-- WORK ORDER --
What is needed is an exact copy of the entries below, with every picture left out.

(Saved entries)
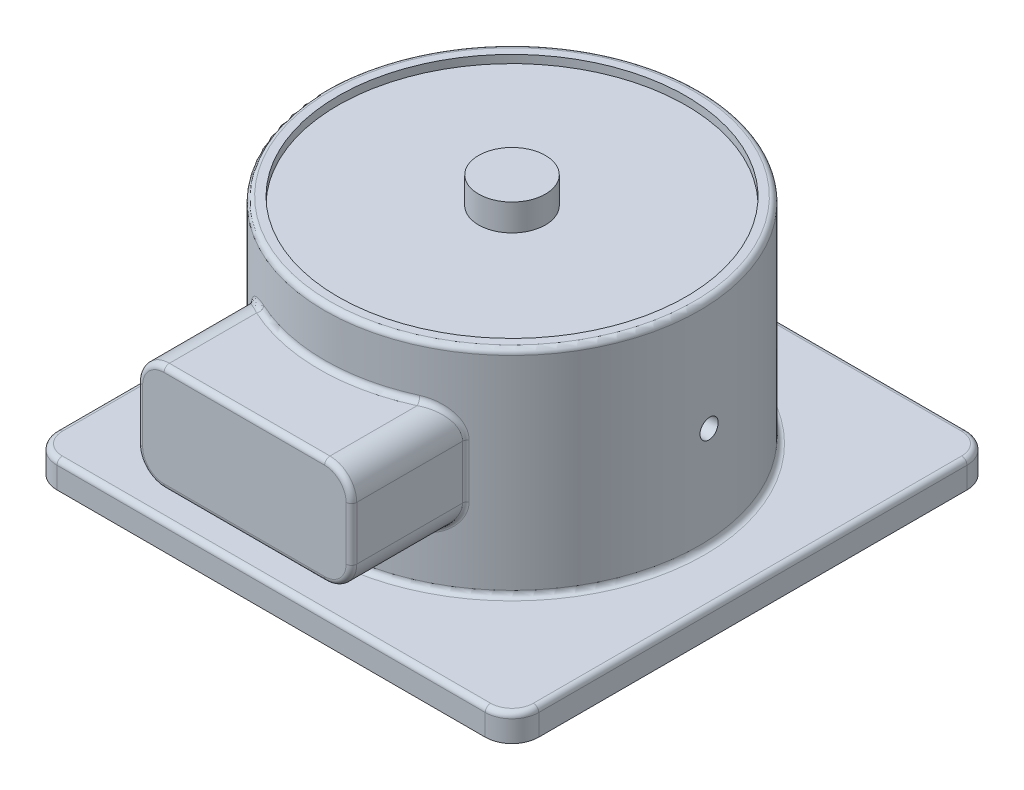
from build123d import *

# Parameters (mm, degrees)
SKETCH1_W           = 180
SKETCH1_H           = 180
BOSS_EXTRUDE1_DEPTH = 10
SKETCH2_R           = 70
BOSS_EXTRUDE2_DEPTH = 80
SKETCH3_W           = 80
SKETCH3_H           = 40
BOSS_EXTRUDE3_DEPTH = 100
CUT_EXTRUDE1_DEPTH  = 3
FILLET1_R           = 10
FILLET2_R           = 2
SKETCH7_R           = 12.5
BOSS_EXTRUDE4_DEPTH = 10


with BuildPart() as part:
    # Sketch1 → Boss-Extrude1 (new body)
    with BuildSketch(Plane(origin=(0, 0, 0), x_dir=(1, 0, 0), z_dir=(0, 1, 0))):
        Rectangle(SKETCH1_W, SKETCH1_H)
    extrude(amount=BOSS_EXTRUDE1_DEPTH)

    # Sketch2 → Boss-Extrude2 (add)
    with BuildSketch(Plane(origin=(0, 10, 0), x_dir=(1, 0, 0), z_dir=(0, 1, 0))):
        with Locations(Location((0, 0, 0), (0, 0, 270))):
            Circle(SKETCH2_R)
    extrude(amount=BOSS_EXTRUDE2_DEPTH)

    # Sketch3 → Boss-Extrude3 (add)
    with BuildSketch(Plane.XY):
        with Locations((0, 50)):
            Rectangle(SKETCH3_W, SKETCH3_H)
    extrude(amount=BOSS_EXTRUDE3_DEPTH)

    # 3DSketch1 → Cut-Extrude1 (cut)
    with BuildSketch(Plane(origin=(0, 90, 65), x_dir=(-0.0019749281305752333, 0, -0.999998049827538), z_dir=(0, -1, 0))):
        with BuildLine():
            add(Edge.make_bspline(
                [(0, 0), (-0.006109401, 3.09779494), (0.425326913, 9.294496524), (2.390353323, 18.402296473), (5.633118591, 27.137209697), (10.087452008, 35.320908574), (15.66244662, 42.786396013), (22.244327614, 49.381310528), (29.698770729, 54.971063258), (37.873644518, 59.441577287), (46.602114808, 62.701617724), (55.706049557, 64.684653106), (64.999654176, 65.350213332), (74.293263267, 64.684715536), (83.397211336, 62.701741308), (92.125703526, 59.441759508), (100.300607343, 54.971300379), (107.755088014, 49.381597779), (114.337013282, 42.786727272), (119.912058141, 35.321278051), (124.366446166, 27.137606225), (127.609271477, 18.402725502), (129.574353967, 9.294898755), (130.221589912, 0), (129.537770415, -9.292278953), (127.536850975, -18.392299757), (124.259666683, -27.114347702), (119.773098852, -35.28042181), (114.16871009, -42.723867507), (107.560875677, -49.292777738), (100.084449379, -54.85309311), (91.892011322, -59.2913378), (83.150754121, -62.516935385), (74.039070779, -64.464057343), (64.742914019, -65.092966493), (55.452001323, -64.390827948), (46.355943159, -62.371971089), (37.640373353, -59.077596989), (29.483160728, -54.5749381), (22.05077882, -48.955884198), (15.494909607, -42.33511441), (9.949343668, -34.84772948), (5.527265783, -26.646596653), (2.348283357, -17.979003931), (0.437364749, -9.036316199), (0.005940915, -3.012363496), (0, 0)],
                knots=[0, 0, 0, 0, 0.022755752, 0.045511504, 0.068267256, 0.091023008, 0.11377876, 0.136534512, 0.159290264, 0.182046016, 0.204801768, 0.22755752, 0.250313272, 0.273069024, 0.295824776, 0.318580528, 0.34133628, 0.364092032, 0.386847784, 0.409603536, 0.432359288, 0.45511504, 0.477870792, 0.500626544, 0.523382296, 0.546138048, 0.5688938, 0.591649552, 0.614405304, 0.637161056, 0.659916808, 0.68267256, 0.705428312, 0.728184064, 0.750939816, 0.773695568, 0.79645132, 0.819207072, 0.841962824, 0.864718576, 0.887474328, 0.91023008, 0.932985832, 0.955741584, 0.977871809, 1, 1, 1, 1], degree=3))
        make_face()
    extrude(amount=CUT_EXTRUDE1_DEPTH, mode=Mode.SUBTRACT)

    # Fillet1
    fillet1_edges = [part.edges().sort_by_distance(p)[0] for p in [
        (-40, 70, 78.722813233),
        (40, 30, 78.722813233),
        (-40, 30, 78.722813233),
        (40, 70, 78.722813233),
        (90, 5, 90),
        (-90, 5, 90),
        (-90, 5, -90),
        (90, 5, -90),
    ]]
    fillet(fillet1_edges, radius=FILLET1_R)

    # Fillet2
    fillet2_edges = [part.edges().sort_by_distance(p)[0] for p in [
        (0, 10, -70),
        (0, 90, -70),
        (15.375488216, 30, 68.290514437),
        (0, 30, 100),
        (-40, 50, 57.445626465),
        (-40, 50, 100),
        (40, 50, 100),
        (0, 70, 100),
        (-37.071067812, 67.071067812, 100),
        (37.071067812, 67.071067812, 100),
        (37.071067812, 32.928932188, 100),
        (-37.071067812, 32.928932188, 100),
        (40, 50, 57.445626465),
        (15.375488216, 70, 68.290514437),
        (90, 10, 0),
        (0, 10, 90),
        (0, 10, -90),
        (-90, 10, 0),
        (-87.071067812, 10, 87.071067812),
        (-87.071067812, 10, -87.071067812),
        (87.071067812, 10, -87.071067812),
        (87.071067812, 10, 87.071067812),
        (-36.872641972, 32.735924536, 59.501330019),
        (36.872641972, 32.735924536, 59.501330019),
        (36.872641972, 67.264075464, 59.501330019),
        (-36.872641975, 67.264075467, 59.501330017),
    ]]
    fillet(fillet2_edges, radius=FILLET2_R)

    # Sketch6 → 1/16 NPT Tapped Hole1 (revolve, cut)
    with BuildSketch(Plane(origin=(69.894586304, 47.911002141, -3.840156953), x_dir=(-0.054859385045466544, 0, -0.9984940900538337), z_dir=(0, 1, 0))):
        Polygon((0, 0), (0, 6.946685027), (3.0734, 5.1), (3.0734, 8), (3.364805487, 8), (3.6043362, 0), align=None)
    revolve(axis=Axis((76.235023776, 47.911002141, -4.188514048), (-0.9984940900538337, 0, 0.05485938504546654)), mode=Mode.SUBTRACT)

    # Sketch7 → Boss-Extrude4 (add)
    with BuildSketch(Plane(origin=(0, 87, 0), x_dir=(1, 0, 0), z_dir=(0, 1, 0))):
        with Locations(Location((0, 0, 0), (0, 0, 270))):
            Circle(SKETCH7_R)
    extrude(amount=BOSS_EXTRUDE4_DEPTH)


solid = part.part

-- WRITTEN RESPONSE --
from build123d import *

# Parameters (mm, degrees)
SKETCH1_W           = 180
SKETCH1_H           = 180
BOSS_EXTRUDE1_DEPTH = 10
SKETCH2_R           = 70
BOSS_EXTRUDE2_DEPTH = 80
SKETCH3_W           = 80
SKETCH3_H           = 40
BOSS_EXTRUDE3_DEPTH = 100
CUT_EXTRUDE1_DEPTH  = 3
FILLET1_R           = 10
FILLET2_R           = 2
SKETCH7_R           = 12.5
BOSS_EXTRUDE4_DEPTH = 10


with BuildPart() as part:
    # Sketch1 → Boss-Extrude1 (new body)
    with BuildSketch(Plane(origin=(0, 0, 0), x_dir=(1, 0, 0), z_dir=(0, 1, 0))):
        Rectangle(SKETCH1_W, SKETCH1_H)
    extrude(amount=BOSS_EXTRUDE1_DEPTH)

    # Sketch2 → Boss-Extrude2 (add)
    with BuildSketch(Plane(origin=(0, 10, 0), x_dir=(1, 0, 0), z_dir=(0, 1, 0))):
        with Locations(Location((0, 0, 0), (0, 0, 270))):
            Circle(SKETCH2_R)
    extrude(amount=BOSS_EXTRUDE2_DEPTH)

    # Sketch3 → Boss-Extrude3 (add)
    with BuildSketch(Plane.XY):
        with Locations((0, 50)):
            Rectangle(SKETCH3_W, SKETCH3_H)
    extrude(amount=BOSS_EXTRUDE3_DEPTH)

    # 3DSketch1 → Cut-Extrude1 (cut)
    with BuildSketch(Plane(origin=(0, 90, 65), x_dir=(-0.0019749281305752333, 0, -0.999998049827538), z_dir=(0, -1, 0))):
        with BuildLine():
            add(Edge.make_bspline(
                [(0, 0), (-0.006109401, 3.09779494), (0.425326913, 9.294496524), (2.390353323, 18.402296473), (5.633118591, 27.137209697), (10.087452008, 35.320908574), (15.66244662, 42.786396013), (22.244327614, 49.381310528), (29.698770729, 54.971063258), (37.873644518, 59.441577287), (46.602114808, 62.701617724), (55.706049557, 64.684653106), (64.999654176, 65.350213332), (74.293263267, 64.684715536), (83.397211336, 62.701741308), (92.125703526, 59.441759508), (100.300607343, 54.971300379), (107.755088014, 49.381597779), (114.337013282, 42.786727272), (119.912058141, 35.321278051), (124.366446166, 27.137606225), (127.609271477, 18.402725502), (129.574353967, 9.294898755), (130.221589912, 0), (129.537770415, -9.292278953), (127.536850975, -18.392299757), (124.259666683, -27.114347702), (119.773098852, -35.28042181), (114.16871009, -42.723867507), (107.560875677, -49.292777738), (100.084449379, -54.85309311), (91.892011322, -59.2913378), (83.150754121, -62.516935385), (74.039070779, -64.464057343), (64.742914019, -65.092966493), (55.452001323, -64.390827948), (46.355943159, -62.371971089), (37.640373353, -59.077596989), (29.483160728, -54.5749381), (22.05077882, -48.955884198), (15.494909607, -42.33511441), (9.949343668, -34.84772948), (5.527265783, -26.646596653), (2.348283357, -17.979003931), (0.437364749, -9.036316199), (0.005940915, -3.012363496), (0, 0)],
                knots=[0, 0, 0, 0, 0.022755752, 0.045511504, 0.068267256, 0.091023008, 0.11377876, 0.136534512, 0.159290264, 0.182046016, 0.204801768, 0.22755752, 0.250313272, 0.273069024, 0.295824776, 0.318580528, 0.34133628, 0.364092032, 0.386847784, 0.409603536, 0.432359288, 0.45511504, 0.477870792, 0.500626544, 0.523382296, 0.546138048, 0.5688938, 0.591649552, 0.614405304, 0.637161056, 0.659916808, 0.68267256, 0.705428312, 0.728184064, 0.750939816, 0.773695568, 0.79645132, 0.819207072, 0.841962824, 0.864718576, 0.887474328, 0.91023008, 0.932985832, 0.955741584, 0.977871809, 1, 1, 1, 1], degree=3))
        make_face()
    extrude(amount=CUT_EXTRUDE1_DEPTH, mode=Mode.SUBTRACT)

    # Fillet1
    fillet1_edges = [part.edges().sort_by_distance(p)[0] for p in [
        (-40, 70, 78.722813233),
        (40, 30, 78.722813233),
        (-40, 30, 78.722813233),
        (40, 70, 78.722813233),
        (90, 5, 90),
        (-90, 5, 90),
        (-90, 5, -90),
        (90, 5, -90),
    ]]
    fillet(fillet1_edges, radius=FILLET1_R)

    # Fillet2
    fillet2_edges = [part.edges().sort_by_distance(p)[0] for p in [
        (0, 10, -70),
        (0, 90, -70),
        (15.375488216, 30, 68.290514437),
        (0, 30, 100),
        (-40, 50, 57.445626465),
        (-40, 50, 100),
        (40, 50, 100),
        (0, 70, 100),
        (-37.071067812, 67.071067812, 100),
        (37.071067812, 67.071067812, 100),
        (37.071067812, 32.928932188, 100),
        (-37.071067812, 32.928932188, 100),
        (40, 50, 57.445626465),
        (15.375488216, 70, 68.290514437),
        (90, 10, 0),
        (0, 10, 90),
        (0, 10, -90),
        (-90, 10, 0),
        (-87.071067812, 10, 87.071067812),
        (-87.071067812, 10, -87.071067812),
        (87.071067812, 10, -87.071067812),
        (87.071067812, 10, 87.071067812),
        (-36.872641972, 32.735924536, 59.501330019),
        (36.872641972, 32.735924536, 59.501330019),
        (36.872641972, 67.264075464, 59.501330019),
        (-36.872641975, 67.264075467, 59.501330017),
    ]]
    fillet(fillet2_edges, radius=FILLET2_R)

    # Sketch6 → 1/16 NPT Tapped Hole1 (revolve, cut)
    with BuildSketch(Plane(origin=(69.894586304, 47.911002141, -3.840156953), x_dir=(-0.054859385045466544, 0, -0.9984940900538337), z_dir=(0, 1, 0))):
        Polygon((0, 0), (0, 6.946685027), (3.0734, 5.1), (3.0734, 8), (3.364805487, 8), (3.6043362, 0), align=None)
    revolve(axis=Axis((76.235023776, 47.911002141, -4.188514048), (-0.9984940900538337, 0, 0.05485938504546654)), mode=Mode.SUBTRACT)

    # Sketch7 → Boss-Extrude4 (add)
    with BuildSketch(Plane(origin=(0, 87, 0), x_dir=(1, 0, 0), z_dir=(0, 1, 0))):
        with Locations(Location((0, 0, 0), (0, 0, 270))):
            Circle(SKETCH7_R)
    extrude(amount=BOSS_EXTRUDE4_DEPTH)


solid = part.part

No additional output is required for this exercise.